Entonces lo vio a Fernando Castelli.
Apareció detrás de un biombo con dibujos orientales. Llevaba unos pequeños anteojitos, el pelo largo —no demasiado—, vestía un impermeable oscuro y su sonrisa era tan indescifrable como su mirada. Algo entre la piedad y la repugnancia. Algo, en todo caso, extraño y amenazante.
—¿Qué hace aquí? —preguntó Lupe—. ¿Qué quiere?
—La quiero a usted —dijo Fernando. Y, con tétrica desmesura, agregó—: La amo.

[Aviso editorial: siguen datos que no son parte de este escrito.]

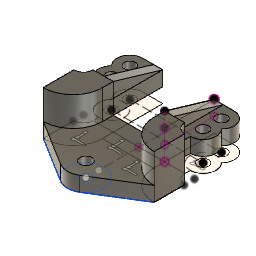
Raspberry Pi Mount v49 (Autodesk Fusion 360 design; units mm, degrees)
Autodesk Fusion 360 part; units mm, degrees
sketch "Sketch1" plane through (0, 0, 0) normal (0, 0, 1) x (1, 0, 0) in component "Component"
  line L0 (7.75, 56) -> (-7.75, 56) construction
  line L1 (-7.75, 56) -> (-7.75, -56) construction
  line L2 (-7.75, -56) -> (7.75, -56) construction
  line L3 (7.75, -56) -> (7.75, 56) construction
  line L4 (7.75, 56) -> (-7.75, -56) construction
  line L5 (-7.75, 56) -> (7.75, -56) construction
  circle A0 centre (-7.75, 56) radius 1.6
  circle A1 centre (7.75, 56) radius 1.6
  circle A2 centre (-7.75, -56) radius 1.6
  circle A3 centre (7.75, -56) radius 1.6
  line L6 (20, 63.5) -> (-20, 63.5)
  line L7 (-20, -63.5) -> (20, -63.5)
  line L8 (20, 63.5) -> (-20, -63.5) construction
  line L9 (-20, 63.5) -> (20, -63.5) construction
  line L10 (15, 50) -> (-15, 50)
  line L11 (-15, 50) -> (-15, -50)
  line L12 (-15, -50) -> (15, -50)
  line L13 (15, -50) -> (15, 50)
  line L14 (15, 50) -> (-15, -50) construction
  line L15 (-15, 50) -> (15, -50) construction
  line L16 (15, -50) -> (20, -50)
  line L17 (-15, -50) -> (-20, -50)
  line L18 (-15, 50) -> (-20, 50)
  line L19 (15, 50) -> (20, 50)
  line L20 (20, -63.5) -> (20, -50)
  line L21 (20, 50) -> (20, 63.5)
  line L22 (-20, 63.5) -> (-20, 50)
  line L23 (-20, -50) -> (-20, -63.5)
  point P0 (0, -63.5)
  dimension "d1_1" = 15.5
  dimension "d2_1" = 112
  dimension "d3_1" = 3.2
  dimension "d4_1" = 3.2
  dimension "d6_1" = 3.2
  dimension "d7_1" = 3.2
  dimension "d8_1" = 40
  dimension "d9_1" = 127
  dimension "d10_1" = 30
  dimension "d11_1" = 100
  constraint perpendicular L0 L1
  constraint parallel L0 L2
  constraint parallel L1 L3
  constraint horizontal L0
  constraint coincident L4 origin
  constraint coincident L5 origin
  constraint coincident L0.end L1.start
  constraint coincident L0.start L3.end
  constraint coincident L1.end L2.start
  constraint coincident L2.end L3.start
  constraint perpendicular L6 L22
  constraint parallel L6 L7
  constraint parallel L20 L22
  constraint horizontal L6
  constraint coincident L8 origin
  constraint coincident L9 origin
  constraint perpendicular L10 L11
  constraint parallel L10 L12
  constraint parallel L11 L13
  constraint horizontal L10
  constraint coincident L14 origin
  constraint coincident L15 origin
  constraint perpendicular L16 L20
  constraint coincident L17.end L22
  constraint perpendicular L17 L22
  constraint perpendicular L18 L22
  constraint coincident L19.end L20
  constraint perpendicular L19 L20
  constraint collinear L20 L21
  constraint collinear L22 L23
  constraint midpoint L7 P0
  measures "d1_1" distance of L1.end L2.end
  measures "d2_1" distance of L0.end L1.end
  measures "d3_1" diameter of A0
  measures "d4_1" diameter of A1
  measures "d6_1" diameter of A2
  measures "d7_1" diameter of A3
  measures "d8_1" distance of L7.start L7.end
  measures "d9_1" distance of L6.end L7.start
  measures "d10_1" distance of L11.end L12.end
  measures "d11_1" distance of L10.end L11.end
extrude "Extrude1" add sketch "Sketch1" along normal blind 5 makes body 1 in component "Component"
sketch "Sketch2" plane through (0, 0, 0) normal (0, 0, 1) x (1, 0, 0) in component "Component"
  circle A0 centre (-7.75, -56) radius 1.6
  circle A1 centre (7.75, -56) radius 1.6
  line L0 (-20, -63.5) -> (20, -63.5)
  line L1 (20, -63.5) -> (20, -52.5)
  line L2 (-20, -63.5) -> (-20, -52.5)
  line L3 (0, -63.5) -> (0, -52.5) construction
  line L4 (-11.875, -52.5) -> (11.875, -52.5) construction
  line L5 (11.875, -52.5) -> (20, -52.5) construction
  line L6 (11.875, -52.5) -> (11.875, -44.5) construction
  line L7 (-11.875, -52.5) -> (-11.875, -44.5) construction
  line L8 (-11.875, -52.5) -> (-20, -52.5) construction
  line L9 (20, -52.5) -> (20, -44.5)
  line L10 (-20, -52.5) -> (-20, -44.5)
  line L11 (-20, -44.5) -> (-11.875, -44.5)
  line L12 (-11.875, -44.5) -> (11.875, -44.5)
  line L13 (11.875, -44.5) -> (20, -44.5)
  arc A2 (-20, -52.5) -> (-11.875, -44.5) centre (-19.876, -44.5) ccw
  arc A3 (11.875, -44.5) -> (20, -52.5) centre (19.876, -44.5) ccw
  dimension "d22_1" = 11
  dimension "d23_1" = 23.75
  dimension "d27_1" = 8
  dimension "d28_1" = 8
  constraint coincident L0.end L1.start
  constraint perpendicular L0 L1
  constraint coincident L0.start L2.start
  constraint perpendicular L0 L2
  constraint midpoint L0 L3.start
  constraint perpendicular L0 L3
  constraint horizontal L4
  constraint midpoint L3.end L4
  constraint perpendicular L1 L5
  constraint perpendicular L2 L8
  constraint perpendicular L5 L9
  constraint perpendicular L8 L10
  constraint perpendicular L7 L11
  constraint perpendicular L6 L12
  constraint perpendicular L9 L13
  constraint collinear L11 L12
  constraint tangent L7 A2
  constraint tangent L6 A3
  measures "d22_1" distance of L3.start L3.end
  measures "d23_1" distance of L4.start L4.end
  measures "d27_1" distance of L1.end L9.end
  measures "d28_1" distance of L2.end L10.end
extrude "Extrude2" add sketch "Sketch2" along normal blind 4 separate body makes body 2 in component "Component"
extrude "Extrude1'" add sketch "Sketch2" along normal blind 12 from surface at 4 separate body contours L10 L11 A2 | L9 L13 A3 makes body 3 at (-15.9473, -51.47, 12) makes body 4 at (12.9677, -48.5362, 12) in component "Joints v47"
sketch "Sketch1 (2)" plane through (0, -44.5, 0) normal (0, 1, 0) x (-1, 0, 0) in component "Joints v47"
  line L0 (-20, 0) -> (20, 0)
  line L1 (20, 0) -> (20, 4)
  line L2 (20, 4) -> (-20, 4)
  line L3 (-20, 4) -> (-20, 0)
  line L4 (11.875, 4) -> (11.875, 16)
  line L5 (20, 4) -> (20, 16)
  line L6 (20, 0) -> (20, 4)
  line L7 (-20, 4) -> (-20, 16)
  line L8 (-20, 0) -> (-20, 4)
  line L9 (-11.875, 4) -> (-11.875, 16)
  line L10 (11.875, 16) -> (20, 16)
  line L11 (-20, 16) -> (-11.875, 16)
  line L12 (-20, 0) -> (20, 0)
  line L13 (11.875, 4) -> (-11.875, 4)
  constraint coincident L4.end L10.start
  constraint coincident L5.end L10.end
  constraint coincident L7.end L11.start
  constraint coincident L9.end L11.end
  constraint coincident L0.start L3.end
  constraint coincident L0.end L1.start
  constraint coincident L4.start L13.start
  constraint coincident L9.start L13.end
extrude "Extrude2'" add sketch "Sketch1 (2)" along normal blind 3 separate body makes body 5 in component "Joints v47"
combine "Combine1" operation add target body 4 tool bodies 5 3 2 in component "Joints v47"
sketch "Sketch1 (3)" plane through (0, 0, 0) normal (0, 0, 1) x (1, 0, 0)
  line L0 (7, -2.9989) -> (7, 0)
  arc A0 (7, -2.9989) -> (15.125, -11) centre (15.125, -2.874) ccw
  circle A1 centre (0, -14.5) radius 1.6
  arc A2 (-15.125, -11) -> (-7, -2.9989) centre (-15.125, -2.874) ccw
  line L1 (-7, -2.9989) -> (-7, 0)
  line L2 (0, 0) -> (0, -11) construction
  line L3 (-15.125, -11) -> (-15.125, -2.625)
  line L4 (-7, 0) -> (-12.5, 0)
  line L5 (-7, 0) -> (7, 0)
  line L6 (7, 0) -> (12.5, 0)
  line L7 (15.125, -2.625) -> (15.125, -11)
  circle A3 centre (0, -14.5) radius 5
  line L8 (15.125, -11) -> (2.6361, -18.7487)
  line L9 (-15.125, -11) -> (-2.6361, -18.7487)
  line L10 (-12.5, 5) -> (12.5, 5) construction
  line L11 (0, 0) -> (0, 5) construction
  line L12 (0, 5) -> (0, 10) construction
  line L13 (-12.5, 10) -> (12.5, 10) construction
  circle A4 centre (12.5, 5) radius 3.5 construction
  line L14 (12.5, 13.5) -> (7, 13.5)
  arc A5 (14.9495, 7.5) -> (12.5, 13.5) centre (12.5, 10) ccw
  arc A6 (12.5, 1.5) -> (14.9495, 7.5) centre (12.5, 5) ccw
  line L15 (12.5, 1.5) -> (12.5, 0)
  line L16 (7, 13.5) -> (7, 0)
  line L17 (-7, 0) -> (-7, 13.5)
  line L18 (-7, 13.5) -> (-12.5, 13.5)
  circle A7 centre (-12.5, 5) radius 3.5 construction
  arc A8 (-12.5, 13.5) -> (-14.9495, 7.5) centre (-12.5, 10) ccw
  arc A9 (-14.9495, 7.5) -> (-12.5, 1.5) centre (-12.5, 5) ccw
  line L19 (-12.5, 1.5) -> (-12.5, 0)
  arc A10 (-15.125, -2.625) -> (-12.5, 0) centre (-15.125, 0) ccw
  arc A11 (12.5, 0) -> (15.125, -2.625) centre (15.125, 0) ccw
  circle A12 centre (-12.5, 5) radius 1.5
  circle A13 centre (-12.5, 10) radius 1.5
  circle A14 centre (12.5, 5) radius 1.5
  circle A15 centre (12.5, 10) radius 1.5
  line L20 (7, -2.9989) -> (-7, -2.9989)
  dimension "d5" = 3.2
  dimension "d35" = 8.125
  dimension "d37" = 8.125
  dimension "d40" = 14
  dimension "d41" = 11
  dimension "d42" = 11
  dimension "d43" = 10
  dimension "d44" = 14.6975
  dimension "d45" = 14.6975
  dimension "d46" = 8.126
  dimension "d47" = 8.0011
  dimension "d50" = 25
  dimension "d51" = 5
  dimension "d52" = 5
  dimension "d53" = 25
  dimension "d57" = 7
  dimension "d58" = 5.5
  dimension "d59" = 3.5
  dimension "d60" = 5.5
  dimension "d61" = 7
  dimension "d62" = 3.5
  dimension "d63" = 2.625
  dimension "d64" = 2.625
  dimension "d65" = 2.625
  dimension "d69" = 3
  dimension "d70" = 3
  dimension "d71" = 3
  dimension "d72" = 3
  constraint coincident L0.end L5.end
  constraint coincident L2.start L11.start
  constraint perpendicular L3 L4
  constraint perpendicular L0 L5
  constraint perpendicular L0 L6
  constraint vertical L7
  constraint symmetric L0 L1 L2
  constraint symmetric L2 L3 L7
  constraint symmetric A0 A2 L2
  constraint midpoint L2.start L5
  constraint coincident A2 L1.start
  constraint coincident L0 A0.start
  constraint coincident L0.start A0
  constraint coincident A2.end L1
  constraint concentric A1 A3
  constraint coincident A3 L8.end
  constraint tangent A3 L8
  constraint coincident A3 L9.end
  constraint tangent A3 L9
  constraint horizontal L4
  constraint horizontal L10
  constraint perpendicular L5 L11
  constraint midpoint L10 L11.end
  constraint perpendicular L10 L12
  constraint perpendicular L12 L13
  constraint midpoint L12.end L13
  constraint coincident L10.end A4.centre
  constraint coincident A4 A5.start
  constraint coincident L13.end A5.centre
  constraint perpendicular L6 L15
  constraint perpendicular L5 L16
  constraint perpendicular L14 L16
  constraint perpendicular L14 L17
  constraint perpendicular L17 L18
  constraint coincident L10.start A7.centre
  constraint coincident A7 A8.end
  constraint coincident L13.start A8.centre
  constraint perpendicular L4 L19
  constraint vertical L15
  constraint concentric A9 A12
  constraint concentric A8 A13
  constraint concentric A6 A14
  constraint concentric A5 A15
  constraint perpendicular L1 L20
  measures "d5" diameter of A1
  measures "d35" distance of L0.end A11.centre
  measures "d37" distance of L1.end A10.centre
  measures "d40" distance of L0.end L1.end
  measures "d41" distance of A2.start A10.centre
  measures "d42" distance of A0.end A11.centre
  measures "d43" diameter of A3
  measures "d44" distance of A2.start L9.end
  measures "d45" distance of A0.end L8.end
  measures "d46" radius of A0
  measures "d47" vertical distance of L0.start A0.end
  measures "d50" distance of L10.start L10.end
  measures "d51" distance of L2.start L11.end
  measures "d52" distance of L11.end L12.end
  measures "d53" distance of L13.start L13.end
  measures "d57" diameter of A4
  measures "d58" distance of L14.start L14.end
  measures "d59" radius of A5
  measures "d60" distance of L17.end L18.end
  measures "d61" diameter of A7
  measures "d62" radius of A8
  measures "d63" radius of A11
  measures "d64" radius of A10
  measures "d65" vertical distance of L6.end L7.start
  measures "d69" diameter of A12
  measures "d70" diameter of A13
  measures "d71" diameter of A14
  measures "d72" diameter of A15
extrude "Extrude1''" add sketch "Sketch1 (3)" along normal blind 4 separate body contours L0 L1 L5 L20 | A0 A2 A3 L8 L9 L20 | A3 makes body 6
extrude "Extrude2''" add sketch "Sketch1 (3)" along normal blind 12 separate body contours L0 A0 L6 L7 A11 | A2 L1 L3 L4 A10 makes body 7 at (10.1436, -9.2941, 8) makes body 8 at (-7.0149, -3.3816, 8)
extrude "Extrude9" add sketch "Sketch1 (3)" along normal blind 4 from surface at 4 separate body contours L6 L14 A5 A6 L15 L16 | L4 L17 L18 A8 A9 L19 makes body 9 at (-8.3389, 6.2412, 4) makes body 10 at (8.3389, 6.2412, 4)
sketch "Sketch4" plane through (7, 0, 0) normal (-1, 0, 0) x (0, -1, 0)
  line L0 (-13.5, 4) -> (0, 4)
  line L1 (0, 4) -> (0, 8)
  line L2 (0, 8) -> (-13.5, 8)
  line L3 (-13.5, 8) -> (-13.5, 4)
  line L4 (-13.5, 4) -> (-13.5, 8)
  line L5 (0, 4) -> (0, 8)
  line L6 (0, 4) -> (-13.5, 4)
  line L7 (0, 0) -> (0, 12)
  line L8 (0, 12) -> (-13.5, 8)
  line L9 (0, 8) -> (-13.5, 8)
  constraint coincident L7.end L8.start
  constraint coincident L2.end L3.start
  constraint coincident L1.end L2.start
extrude "Extrude12" add sketch "Sketch4" against normal blind 2.5 contours L2 L7 L8 L9 bodies 7 10
extrude "Extrude13" add sketch "Sketch4" along normal blind 2.5 from surface at 14 separate body contours L2 L7 L8 L9 makes body 11
component "Joints v47" placed x (1, 0, 0) y (0, 1, 0) z (0, 0, 1) at (0, 41.5, 0)
component "Component" placed x (1, 0, 0) y (0, 1, 0) z (0, 0, 1) at (0, 0, 0) in component "Joints v47"
hidden bodies 1
equation "d4_1 = radius"
equation "radius = 3.2 mm"
equation "d6_1 = radius"
equation "d7_1 = radius"

Lupe continuó masajeándose el rostro. Fatigada, dijo:
—Ya me amaron a mí. Y ya dejaron de amarme. Y también, ya, nunca, van a volver a amarme. Todo eso terminó.
Fernando, como reflexivo, meneó su cabeza.
—¿Todo termina, no?
—Todo —confirmó Lupe.
—¿La vida también?
—La vida también.
—¿La suya también?
Lupe dejó de masajearse. Giró hacia Fernando. Y ya no lo miró a través del espejo, lo miró a él, a los ojos, con franqueza. Y dijo:
—La mía también. Algún día. A veces pienso: cuanto antes mejor.
Fernando sonrió. Más, ahora, amenazante que piadoso.
—En eso puedo ayudarla, señora —dijo—. Cuanto antes puede ser… ahora.
Movió con inaudita velocidad su mano derecha. El movimiento fue de derecha a izquierda. Y la navaja cercenó profunda y extensamente el cuello de Lupe Quintana, que abrió grandemente sus ojos, lanzó una bocanada de sangre y cayó para no levantarse jamás.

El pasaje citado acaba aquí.